A few years ago, I noticed around half a dozen courageous companies beginning experiments to remove ratings from their performance management systems. Companies such as Juniper and Adobe stopped giving people a one-to-five rating or evaluating employees on a “performance curve,” also known as the “forced ranking” approach. They were still differentiating performance in various ways, and still using a pay-for-performance approach, just not through a simple rating system.
By early 2015, around 30 large companies, representing over 1.5 million employees, were following a similar path. No longer defining performance by a single number, these companies were emphasizing ongoing, quality conversations between managers and their teams.
At the NeuroLeadership Institute, we’ve been studying this trend closely since 2011. Our interest in the topic was piqued when clients started to tell us how our research on motivation and the brain was explaining why standard performance reviews were failing. In short, we found that social threats and rewards, like one’s sense of status or fairness, activate intense reaction networks in the brain. This explained the intense reactions people had to being assessed on a ratings scale, and it also pointed to ways of designing better systems.
The idea of removing ratings drives many HR executives a little crazy because companies love to quantify and analyze almost everything. The thought of getting rid of a metric is almost heretical. Executives who contacted us after reading our research often assumed that removing ratings was an anomaly, perhaps driven by smaller companies who don’t realize how important pay-for-performance is.

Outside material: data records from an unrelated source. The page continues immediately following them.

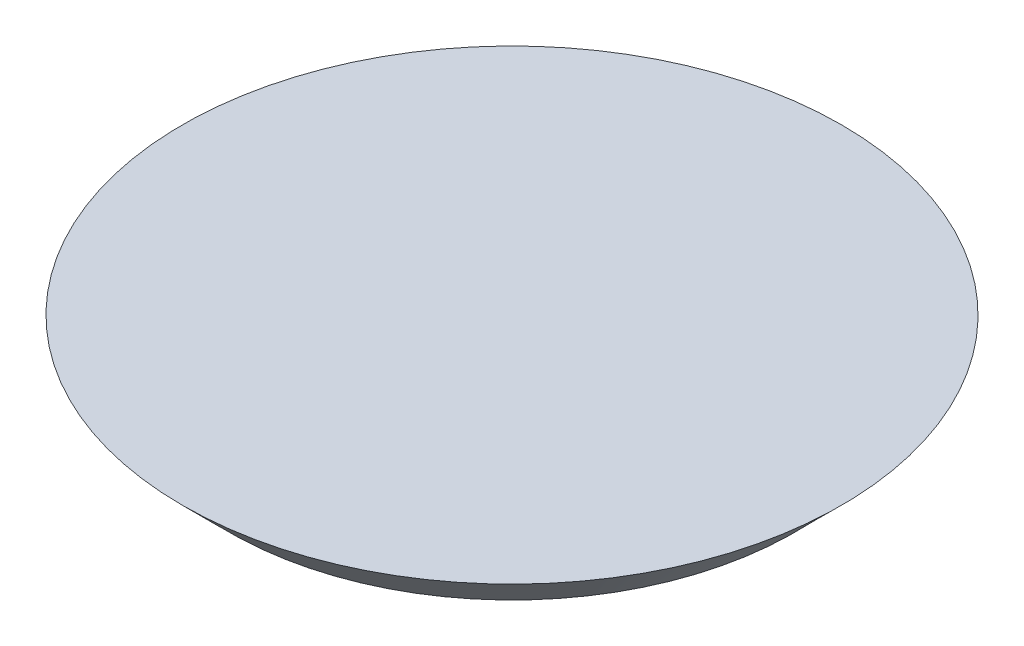
ISO-10303-21;
HEADER;
FILE_DESCRIPTION(('STEP AP214'),'2;1');
FILE_NAME('part.step','',(''),(''),'','','');
FILE_SCHEMA(('AUTOMOTIVE_DESIGN { 1 0 10303 214 1 1 1 1 }'));
ENDSEC;
DATA;
#1=APPLICATION_CONTEXT('core data for automotive mechanical design processes');
#2=APPLICATION_PROTOCOL_DEFINITION('international standard','automotive_design',2000,#1);
#3=PRODUCT_CONTEXT('',#1,'mechanical');
#4=PRODUCT('Part','Part','',(#3));
#5=PRODUCT_RELATED_PRODUCT_CATEGORY('part','',(#4));
#6=PRODUCT_DEFINITION_FORMATION('','',#4);
#7=PRODUCT_DEFINITION_CONTEXT('part definition',#1,'design');
#8=PRODUCT_DEFINITION('design','',#6,#7);
#9=PRODUCT_DEFINITION_SHAPE('','',#8);
#10=(LENGTH_UNIT() NAMED_UNIT(*) SI_UNIT(.MILLI.,.METRE.));
#11=(NAMED_UNIT(*) PLANE_ANGLE_UNIT() SI_UNIT($,.RADIAN.));
#12=(NAMED_UNIT(*) SI_UNIT($,.STERADIAN.) SOLID_ANGLE_UNIT());
#13=UNCERTAINTY_MEASURE_WITH_UNIT(LENGTH_MEASURE(1.E-05),#10,'distance_accuracy_value','');
#14=(GEOMETRIC_REPRESENTATION_CONTEXT(3) GLOBAL_UNCERTAINTY_ASSIGNED_CONTEXT((#13)) GLOBAL_UNIT_ASSIGNED_CONTEXT((#10,
#11,#12)) REPRESENTATION_CONTEXT('',''));
#15=CARTESIAN_POINT('',(0.,0.,0.));
#16=DIRECTION('',(0.,0.,1.));
#17=DIRECTION('',(1.,0.,0.));
#18=AXIS2_PLACEMENT_3D('',#15,#16,#17);
#19=CARTESIAN_POINT('',(0.,2.93896713615023,0.));
#20=DIRECTION('',(0.,1.,0.));
#21=DIRECTION('',(0.,0.,1.));
#22=AXIS2_PLACEMENT_3D('',#19,#20,#21);
#23=PLANE('',#22);
#24=CARTESIAN_POINT('',(0.,2.93896713615023,0.));
#25=DIRECTION('',(0.,-1.,0.));
#26=DIRECTION('',(0.,0.,-1.));
#27=AXIS2_PLACEMENT_3D('',#24,#25,#26);
#28=CIRCLE('',#27,7.);
#29=CARTESIAN_POINT('',(0.,2.93896713615023,-7.));
#30=VERTEX_POINT('',#29);
#31=EDGE_CURVE('E10',#30,#30,#28,.T.);
#32=ORIENTED_EDGE('',*,*,#31,.F.);
#33=EDGE_LOOP('',(#32));
#34=FACE_BOUND('',#33,.T.);
#35=ADVANCED_FACE('F32',(#34),#23,.T.);
#36=CARTESIAN_POINT('',(0.,1.93896713615023,0.));
#37=DIRECTION('',(0.,1.,0.));
#38=DIRECTION('',(0.,0.,1.));
#39=AXIS2_PLACEMENT_3D('',#36,#37,#38);
#40=CONICAL_SURFACE('',#39,6.,0.785398163397448);
#41=ORIENTED_EDGE('',*,*,#31,.T.);
#42=EDGE_LOOP('',(#41));
#43=FACE_BOUND('',#42,.T.);
#44=CARTESIAN_POINT('',(0.,1.93896713615023,0.));
#45=DIRECTION('',(0.,-1.,0.));
#46=DIRECTION('',(0.,0.,-1.));
#47=AXIS2_PLACEMENT_3D('',#44,#45,#46);
#48=CIRCLE('',#47,6.);
#49=CARTESIAN_POINT('',(0.,1.93896713615023,-6.));
#50=VERTEX_POINT('',#49);
#51=EDGE_CURVE('E38',#50,#50,#48,.T.);
#52=ORIENTED_EDGE('',*,*,#51,.F.);
#53=EDGE_LOOP('',(#52));
#54=FACE_BOUND('',#53,.T.);
#55=ADVANCED_FACE('F46',(#43,#54),#40,.T.);
#56=CARTESIAN_POINT('',(6.,1.93896713615023,0.));
#57=DIRECTION('',(0.,-1.,0.));
#58=DIRECTION('',(0.,0.,-1.));
#59=AXIS2_PLACEMENT_3D('',#56,#57,#58);
#60=PLANE('',#59);
#61=ORIENTED_EDGE('',*,*,#51,.T.);
#62=EDGE_LOOP('',(#61));
#63=FACE_BOUND('',#62,.T.);
#64=ADVANCED_FACE('F44',(#63),#60,.T.);
#65=CLOSED_SHELL('',(#35,#55,#64));
#66=MANIFOLD_SOLID_BREP('B2',#65);
#67=ADVANCED_BREP_SHAPE_REPRESENTATION('',(#18,#66),#14);
#68=SHAPE_DEFINITION_REPRESENTATION(#9,#67);
ENDSEC;
END-ISO-10303-21;

Yet in mid-2015, the trend started to accelerate. Consulting firms Deloitte and Accenture, global health services client Cigna, and even GE—the company who popularized the idea of forcing people into a performance curve—all announced changes to their performance management systems. By September 2015, 51 large firms were moving to a no-ratings systems. According to research firm Bersin by Deloitte, around 70% of companies are now reconsidering their performance management strategy.
This November, coinciding with our annual Summit, we will publish a full set of findingsfrom closely studying 30 companies that have made this change. But we’ve already seen four, clear reasons the trend is gaining momentum:
The changing nature of work. Numerical performance management systems don’t take into account how work gets done today. Who sets 12-month goals anymore? Some workers need goal cycles of one month, or even one week. Work is also happening in teams more than ever, and many people are involved in multiple teams that often are spread around the world. Few managers accurately know their team members’ performance when that employee is involved in many other teams, often doing work the manager doesn’t see or even understand. In short, standard performance reviews, delivered once a year, are just not relevant to the ways we work anymore.
The need for better collaboration. Studying companies that have made the change, we are seeing a clear trend: conventional ratings systems inhibit collaboration, making a business less customer-focused and agile. Top ratings lead to high status, promotions, and raises—yet it’s not like at school, where everyone can get an A if they work hard enough. With a forced curve, a manager with a hardworking team of 10 people may only be allowed to give one or two of them the top rating. As a result, people directly compete with each other for rewards, hurting collaboration. As our forthcoming research will show, when Microsoft removed its ratings, employee collaboration skyrocketed.
The need to attract and keep talent. Companies also remove ratings to get managers to talk to employees about their development more than once or twice a year. Millennials in particular crave learning and career growth. Of the 30 companies we studied, one preliminary finding that jumped out was that after a company removed ratings, managers talked to their teams significantly more often about performance (three or four times a year instead of only once). More frequent communication helps with employee engagement, development, and fairer pay, as managers better understand how their people are doing.
The need to develop people faster. By removing ratings, early indications of our research are that companies appear to be developing people faster across the board. It’s happening because of more frequent dialogues, which also tend to be more honest and open when neither party has to worry about justifying a rating at the end of the year.
When Deloitte analyzed their process, they found employees and managers spent aroundtwo million hours a year on performance reviews. The problem was that much of this time was spent talking about the ratings themselves. Companies that remove ratings are seeing the conversations shift from justifying past performance to thinking about growth and development. The result is better employee development, which seems to be a win for everyone.
Companies who have replaced ratings tend to be anxious about it beforehand and enthusiastic about it afterward. Their employees are happier, which encourages more engagement and better performance. It should be no surprise that treating an employee like a human being and not a number is a better approach. Yet it has taken a few bold companies to lead the way and show us that life is better on the other side. Only time will tell how lasting the trend truly is, but I strongly suspect we are at the beginning of something big.